**ABOUT THIS EXERCISE:** What lines below mention the word "ezdxf"? Copy each one.

Records drawn from a dataset:
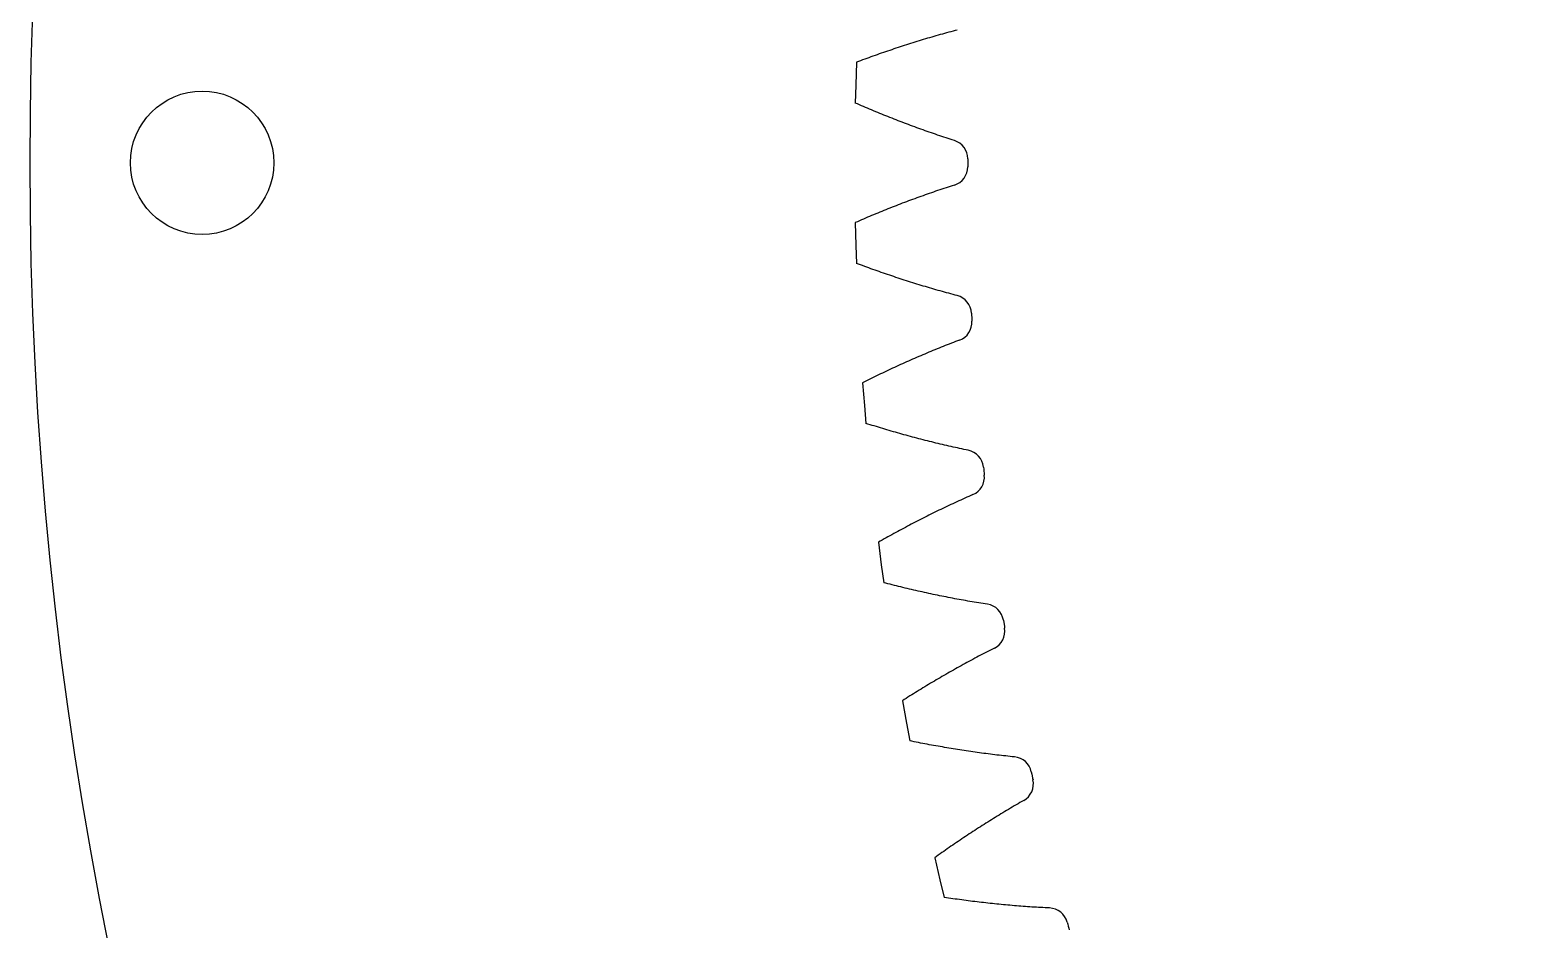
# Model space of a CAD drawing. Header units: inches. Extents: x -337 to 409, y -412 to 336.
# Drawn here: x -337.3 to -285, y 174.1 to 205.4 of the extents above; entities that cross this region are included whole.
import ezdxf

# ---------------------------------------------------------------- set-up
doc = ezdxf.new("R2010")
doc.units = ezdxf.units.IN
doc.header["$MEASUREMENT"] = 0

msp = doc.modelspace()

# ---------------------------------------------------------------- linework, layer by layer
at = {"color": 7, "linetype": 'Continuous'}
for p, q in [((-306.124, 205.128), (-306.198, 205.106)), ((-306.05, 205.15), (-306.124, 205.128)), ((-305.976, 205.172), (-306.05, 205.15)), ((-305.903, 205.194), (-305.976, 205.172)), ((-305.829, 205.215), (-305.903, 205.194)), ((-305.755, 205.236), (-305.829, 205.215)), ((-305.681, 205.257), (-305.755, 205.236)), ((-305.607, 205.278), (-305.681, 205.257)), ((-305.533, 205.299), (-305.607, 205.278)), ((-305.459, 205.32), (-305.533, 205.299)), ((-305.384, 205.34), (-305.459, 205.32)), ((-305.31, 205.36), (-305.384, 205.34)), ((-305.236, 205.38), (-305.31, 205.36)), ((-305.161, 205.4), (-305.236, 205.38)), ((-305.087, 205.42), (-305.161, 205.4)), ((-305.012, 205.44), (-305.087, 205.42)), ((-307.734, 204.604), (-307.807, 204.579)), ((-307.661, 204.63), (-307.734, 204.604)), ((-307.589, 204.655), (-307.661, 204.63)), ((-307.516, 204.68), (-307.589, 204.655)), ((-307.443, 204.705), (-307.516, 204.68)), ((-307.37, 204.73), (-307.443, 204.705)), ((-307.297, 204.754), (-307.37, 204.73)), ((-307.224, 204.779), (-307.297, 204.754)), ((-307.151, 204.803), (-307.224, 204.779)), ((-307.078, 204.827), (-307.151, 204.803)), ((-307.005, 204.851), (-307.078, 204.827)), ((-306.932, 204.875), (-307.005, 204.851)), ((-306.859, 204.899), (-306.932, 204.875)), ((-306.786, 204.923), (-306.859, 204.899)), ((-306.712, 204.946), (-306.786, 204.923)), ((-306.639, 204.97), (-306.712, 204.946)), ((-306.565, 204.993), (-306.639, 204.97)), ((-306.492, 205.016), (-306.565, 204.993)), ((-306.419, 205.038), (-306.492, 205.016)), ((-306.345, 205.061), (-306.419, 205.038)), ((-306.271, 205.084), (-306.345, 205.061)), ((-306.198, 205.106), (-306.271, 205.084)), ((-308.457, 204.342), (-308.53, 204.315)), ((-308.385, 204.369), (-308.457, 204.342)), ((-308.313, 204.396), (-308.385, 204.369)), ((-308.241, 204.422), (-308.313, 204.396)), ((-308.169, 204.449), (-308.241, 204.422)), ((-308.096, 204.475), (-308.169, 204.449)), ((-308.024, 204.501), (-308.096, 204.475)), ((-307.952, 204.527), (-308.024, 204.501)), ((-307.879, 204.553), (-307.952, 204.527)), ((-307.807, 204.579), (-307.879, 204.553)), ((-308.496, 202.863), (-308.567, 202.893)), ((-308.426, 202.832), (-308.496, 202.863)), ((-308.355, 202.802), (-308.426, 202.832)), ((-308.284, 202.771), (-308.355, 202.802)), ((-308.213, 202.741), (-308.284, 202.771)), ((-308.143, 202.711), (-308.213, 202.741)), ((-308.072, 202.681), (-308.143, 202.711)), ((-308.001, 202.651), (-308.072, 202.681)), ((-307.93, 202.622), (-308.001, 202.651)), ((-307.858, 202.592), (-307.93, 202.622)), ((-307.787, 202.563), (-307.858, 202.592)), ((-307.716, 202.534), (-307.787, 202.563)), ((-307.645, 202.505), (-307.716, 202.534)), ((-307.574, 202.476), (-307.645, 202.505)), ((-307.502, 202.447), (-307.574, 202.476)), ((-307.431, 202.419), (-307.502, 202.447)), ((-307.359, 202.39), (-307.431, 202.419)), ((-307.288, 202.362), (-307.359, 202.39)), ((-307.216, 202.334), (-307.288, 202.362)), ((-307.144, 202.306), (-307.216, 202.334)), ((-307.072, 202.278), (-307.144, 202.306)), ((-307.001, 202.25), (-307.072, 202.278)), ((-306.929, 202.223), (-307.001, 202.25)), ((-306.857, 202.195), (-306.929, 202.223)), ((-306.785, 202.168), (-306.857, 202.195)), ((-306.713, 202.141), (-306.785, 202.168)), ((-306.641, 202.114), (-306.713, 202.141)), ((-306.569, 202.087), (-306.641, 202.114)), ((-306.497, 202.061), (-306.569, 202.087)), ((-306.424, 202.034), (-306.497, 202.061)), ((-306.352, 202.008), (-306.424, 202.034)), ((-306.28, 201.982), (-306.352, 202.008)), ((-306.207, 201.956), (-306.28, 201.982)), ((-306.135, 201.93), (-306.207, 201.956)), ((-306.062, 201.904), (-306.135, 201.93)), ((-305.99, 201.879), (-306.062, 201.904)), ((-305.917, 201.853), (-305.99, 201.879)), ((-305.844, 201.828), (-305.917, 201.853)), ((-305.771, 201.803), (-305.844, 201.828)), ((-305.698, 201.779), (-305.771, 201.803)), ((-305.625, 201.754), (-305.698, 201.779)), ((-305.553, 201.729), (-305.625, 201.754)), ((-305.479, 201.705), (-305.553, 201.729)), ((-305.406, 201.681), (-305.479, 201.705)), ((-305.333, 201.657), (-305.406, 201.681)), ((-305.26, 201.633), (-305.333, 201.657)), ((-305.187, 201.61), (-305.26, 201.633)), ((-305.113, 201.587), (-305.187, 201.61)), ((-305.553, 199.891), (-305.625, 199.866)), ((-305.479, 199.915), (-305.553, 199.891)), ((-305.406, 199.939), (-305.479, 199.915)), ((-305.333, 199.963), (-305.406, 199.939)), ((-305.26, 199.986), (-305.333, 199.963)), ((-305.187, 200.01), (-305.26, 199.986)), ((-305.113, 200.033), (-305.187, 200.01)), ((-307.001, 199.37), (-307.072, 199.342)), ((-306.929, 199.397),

**SOLUTION TO THIS PROBLEM:**
import ezdxf
doc = ezdxf.new("R2010")
doc.units = ezdxf.units.IN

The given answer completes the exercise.